As a test of the model, models of the three potential bi-stable switches (already proven to be successful experimentally) using the same components and parameters were tested. In accordance with the literature, each of these constructs maintained stable expression of the induced state following the removal of the inducer. In order to probe the instability of the tri-stable switch further, tri-stable switches in which all of the components were effectively the same were created (ex:for all LacI-like, TetR and AraC were modeled as forming tetramers and having one operator.) Each of these systems reached a steady state in which all of the proteins evolved identically and were present at the same levels in the absence of inducer. The same stability tests were then performed. All of the constructs remained stable. Thus our model suggests that the similarity of the repressor-expression systems dominates the success or failure of the tri-stable switch. Furthermore, the bi-stable switch is less sensitive to this factor.
It should be noted that this is only a preliminary model. The values obtained from the literature will most like differ in our system. Through future experimentation we will elucidate these values and thus create a more accurate model. We will also conduct parameter scans aimed to provide further insight into the necessary system requirements for "tri-stability."

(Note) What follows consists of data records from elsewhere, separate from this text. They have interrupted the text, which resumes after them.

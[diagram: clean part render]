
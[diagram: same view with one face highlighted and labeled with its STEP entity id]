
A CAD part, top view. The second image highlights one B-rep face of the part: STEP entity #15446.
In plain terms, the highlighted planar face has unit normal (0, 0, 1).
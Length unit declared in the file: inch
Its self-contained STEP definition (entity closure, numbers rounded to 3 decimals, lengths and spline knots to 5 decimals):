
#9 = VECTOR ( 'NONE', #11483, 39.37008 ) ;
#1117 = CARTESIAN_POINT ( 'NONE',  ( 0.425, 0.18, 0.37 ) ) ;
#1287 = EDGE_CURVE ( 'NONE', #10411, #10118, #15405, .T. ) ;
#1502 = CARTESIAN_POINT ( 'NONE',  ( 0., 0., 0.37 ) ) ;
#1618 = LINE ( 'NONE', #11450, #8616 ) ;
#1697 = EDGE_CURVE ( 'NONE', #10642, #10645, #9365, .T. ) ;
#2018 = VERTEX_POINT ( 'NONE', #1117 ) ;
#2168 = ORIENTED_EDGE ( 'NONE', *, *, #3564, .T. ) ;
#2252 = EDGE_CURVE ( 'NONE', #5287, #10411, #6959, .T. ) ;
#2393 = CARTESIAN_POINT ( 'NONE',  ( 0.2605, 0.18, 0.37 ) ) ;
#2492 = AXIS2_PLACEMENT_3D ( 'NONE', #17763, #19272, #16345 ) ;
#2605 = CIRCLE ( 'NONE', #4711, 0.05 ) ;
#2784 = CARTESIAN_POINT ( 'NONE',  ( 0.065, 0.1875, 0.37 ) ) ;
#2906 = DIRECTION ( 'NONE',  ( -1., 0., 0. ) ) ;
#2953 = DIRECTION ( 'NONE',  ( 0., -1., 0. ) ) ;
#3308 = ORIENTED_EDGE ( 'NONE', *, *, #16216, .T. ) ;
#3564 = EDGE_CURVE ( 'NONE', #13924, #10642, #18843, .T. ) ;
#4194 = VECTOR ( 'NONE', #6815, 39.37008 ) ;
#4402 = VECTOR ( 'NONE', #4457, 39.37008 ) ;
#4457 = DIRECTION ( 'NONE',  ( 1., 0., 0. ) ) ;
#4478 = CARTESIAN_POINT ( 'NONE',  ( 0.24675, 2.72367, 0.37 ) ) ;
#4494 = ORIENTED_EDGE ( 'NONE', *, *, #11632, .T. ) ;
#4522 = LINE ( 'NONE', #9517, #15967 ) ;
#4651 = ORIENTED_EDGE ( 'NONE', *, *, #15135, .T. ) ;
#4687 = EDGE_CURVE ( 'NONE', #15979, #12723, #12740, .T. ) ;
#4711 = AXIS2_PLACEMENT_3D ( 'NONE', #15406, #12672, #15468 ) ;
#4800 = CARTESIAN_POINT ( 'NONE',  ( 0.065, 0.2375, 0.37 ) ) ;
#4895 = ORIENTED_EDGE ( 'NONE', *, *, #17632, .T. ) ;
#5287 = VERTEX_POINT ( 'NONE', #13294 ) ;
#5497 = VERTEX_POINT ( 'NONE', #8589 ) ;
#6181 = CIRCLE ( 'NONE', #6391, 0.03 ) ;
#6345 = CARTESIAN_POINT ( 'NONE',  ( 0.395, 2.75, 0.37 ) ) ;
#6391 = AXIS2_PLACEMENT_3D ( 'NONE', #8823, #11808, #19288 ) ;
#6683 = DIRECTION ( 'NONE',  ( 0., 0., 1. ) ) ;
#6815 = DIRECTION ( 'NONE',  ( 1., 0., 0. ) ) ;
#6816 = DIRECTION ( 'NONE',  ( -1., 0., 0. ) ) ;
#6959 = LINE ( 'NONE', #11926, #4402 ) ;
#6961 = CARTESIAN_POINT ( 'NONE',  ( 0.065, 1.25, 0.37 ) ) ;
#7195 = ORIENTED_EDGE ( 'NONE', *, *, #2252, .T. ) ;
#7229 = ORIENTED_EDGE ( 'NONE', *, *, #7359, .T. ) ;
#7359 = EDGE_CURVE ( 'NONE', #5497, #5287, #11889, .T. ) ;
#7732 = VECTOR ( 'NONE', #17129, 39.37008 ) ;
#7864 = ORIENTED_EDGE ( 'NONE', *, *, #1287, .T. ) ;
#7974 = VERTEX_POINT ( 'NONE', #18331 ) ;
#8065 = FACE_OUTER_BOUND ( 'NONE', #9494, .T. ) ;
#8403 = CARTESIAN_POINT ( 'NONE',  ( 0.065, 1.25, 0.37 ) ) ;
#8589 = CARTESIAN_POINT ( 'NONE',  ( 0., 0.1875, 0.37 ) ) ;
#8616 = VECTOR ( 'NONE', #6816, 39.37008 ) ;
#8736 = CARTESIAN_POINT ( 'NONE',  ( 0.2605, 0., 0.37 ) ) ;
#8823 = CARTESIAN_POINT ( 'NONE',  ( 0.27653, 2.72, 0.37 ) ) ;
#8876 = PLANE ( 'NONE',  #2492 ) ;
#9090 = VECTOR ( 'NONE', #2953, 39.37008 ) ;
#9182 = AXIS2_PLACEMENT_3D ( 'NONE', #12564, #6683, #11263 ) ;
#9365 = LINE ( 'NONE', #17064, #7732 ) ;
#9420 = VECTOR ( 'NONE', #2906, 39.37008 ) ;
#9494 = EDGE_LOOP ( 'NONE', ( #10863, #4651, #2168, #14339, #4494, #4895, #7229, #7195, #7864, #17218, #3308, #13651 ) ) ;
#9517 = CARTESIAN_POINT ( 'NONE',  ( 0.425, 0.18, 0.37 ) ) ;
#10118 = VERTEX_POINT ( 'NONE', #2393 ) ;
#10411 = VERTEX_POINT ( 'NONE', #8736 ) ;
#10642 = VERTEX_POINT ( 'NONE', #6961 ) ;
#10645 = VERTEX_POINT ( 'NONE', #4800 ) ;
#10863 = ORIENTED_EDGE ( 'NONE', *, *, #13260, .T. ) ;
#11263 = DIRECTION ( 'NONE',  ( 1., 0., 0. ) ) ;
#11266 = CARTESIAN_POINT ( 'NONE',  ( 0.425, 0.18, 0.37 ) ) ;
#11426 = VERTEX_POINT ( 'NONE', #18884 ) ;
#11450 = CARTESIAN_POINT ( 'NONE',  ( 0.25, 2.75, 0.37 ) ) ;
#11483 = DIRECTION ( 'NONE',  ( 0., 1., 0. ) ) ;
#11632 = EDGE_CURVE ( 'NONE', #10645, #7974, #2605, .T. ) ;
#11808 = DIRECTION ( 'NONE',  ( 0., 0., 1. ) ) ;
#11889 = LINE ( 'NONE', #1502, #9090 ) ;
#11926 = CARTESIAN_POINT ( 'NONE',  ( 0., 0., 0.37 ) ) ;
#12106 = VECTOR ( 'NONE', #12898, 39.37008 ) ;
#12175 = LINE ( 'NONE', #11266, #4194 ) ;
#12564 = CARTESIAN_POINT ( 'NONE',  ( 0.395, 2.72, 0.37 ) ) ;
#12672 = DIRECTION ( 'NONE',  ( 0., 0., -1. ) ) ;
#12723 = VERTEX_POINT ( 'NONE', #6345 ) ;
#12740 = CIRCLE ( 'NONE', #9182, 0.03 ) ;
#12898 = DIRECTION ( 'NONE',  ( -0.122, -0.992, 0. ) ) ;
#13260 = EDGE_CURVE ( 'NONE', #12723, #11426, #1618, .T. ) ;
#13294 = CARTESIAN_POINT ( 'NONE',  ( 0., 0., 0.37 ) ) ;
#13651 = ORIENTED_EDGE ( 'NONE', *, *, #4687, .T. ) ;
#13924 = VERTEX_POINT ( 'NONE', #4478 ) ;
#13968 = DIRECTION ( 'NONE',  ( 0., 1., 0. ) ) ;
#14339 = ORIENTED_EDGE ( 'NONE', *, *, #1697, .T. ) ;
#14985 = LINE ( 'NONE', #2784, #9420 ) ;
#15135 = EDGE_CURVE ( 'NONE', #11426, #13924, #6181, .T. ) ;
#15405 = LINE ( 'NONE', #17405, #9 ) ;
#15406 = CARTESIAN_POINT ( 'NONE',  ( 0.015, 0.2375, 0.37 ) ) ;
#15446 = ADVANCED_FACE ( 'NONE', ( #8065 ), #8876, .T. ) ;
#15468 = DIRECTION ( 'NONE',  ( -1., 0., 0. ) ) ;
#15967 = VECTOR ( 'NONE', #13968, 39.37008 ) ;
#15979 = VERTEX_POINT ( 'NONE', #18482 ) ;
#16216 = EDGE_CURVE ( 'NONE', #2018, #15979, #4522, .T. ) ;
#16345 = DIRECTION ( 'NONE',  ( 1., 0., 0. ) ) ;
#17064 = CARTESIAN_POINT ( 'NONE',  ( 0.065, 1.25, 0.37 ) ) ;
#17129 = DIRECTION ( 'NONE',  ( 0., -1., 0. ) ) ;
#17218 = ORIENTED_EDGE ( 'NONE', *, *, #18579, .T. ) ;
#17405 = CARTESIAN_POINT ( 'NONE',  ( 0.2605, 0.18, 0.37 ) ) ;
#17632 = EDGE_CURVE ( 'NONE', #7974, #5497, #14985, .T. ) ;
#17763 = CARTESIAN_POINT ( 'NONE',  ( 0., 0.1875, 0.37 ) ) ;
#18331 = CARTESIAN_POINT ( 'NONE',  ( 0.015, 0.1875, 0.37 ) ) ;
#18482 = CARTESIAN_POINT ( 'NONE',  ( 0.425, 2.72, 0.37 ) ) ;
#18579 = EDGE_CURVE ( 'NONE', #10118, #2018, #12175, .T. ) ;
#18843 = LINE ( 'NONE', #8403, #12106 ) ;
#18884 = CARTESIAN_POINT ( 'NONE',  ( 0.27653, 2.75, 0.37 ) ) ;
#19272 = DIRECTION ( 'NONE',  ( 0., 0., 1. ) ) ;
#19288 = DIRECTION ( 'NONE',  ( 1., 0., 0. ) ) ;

Link to MATLAB code for tri-stable model Media:tristable1.txt
Note: copy this code into MATLAB and save as an M-file
What we achieved
A successfully ligated pBad/arac construct in addition to partially completed ligations for the pLacI and the pTetR constructs were the results of our summer and semesters' work. The tri-stable toggle switch system was also modeled and proved to yield significant findings.
Challenges
Despite many cloning and ligation attempts, we were unable to create each component of the switch. More specifically, the pLacI and the pTetR circuits presented many ligation difficulties and proved to yield unsuccessful cloning. However, the pBAD/araC circuit was successfully constructed (yay!).
Conclusions
With the bigger picture in mind,this project yielded many successful outcomes.Firstly, we were able to successfully construct one of the three constructs necessary for a fully functional tri-stable toggle switch. Secondly, we were able to add more working parts to the registry, both a fully functioning pBad/AraC construct and many parts that were successfully ligated in the process of assembling the other two constructs. These parts will be used in the future by our team and perhaps many others as new ideas and projects develop. Also, it is necessary to mention our most recent finding from the modeling results for the tri-stable toggle switch. Interestingly enough, our model suggests that it is biologically unfeasible to create a switch with more than two components. If more than two components are introduced, such as three, the system is unable to maintain any one state and it will revert back to expressing its most dominant promoter construct. We find such results quite meaningful in demonstrating the biological limits of a system under study.
Future work
In the coming months, it is hoped that the failure of the ligation strategies for the pLacI and the pTetR constructs can be further investigated. We feel confident that we can continue to build from the one successful construction,the pBad/Arac construct and complete the other 2 constructs. To this end, it will be necessary to further troubleshoot the possible reasons why the cloning of the ligations were unsuccessful. Also we plan to conduct various experiments to elucidate more accurate model parameters specific to our system. Furthermore we will perform a parameter scan to investigate the determinates of "tri-stability."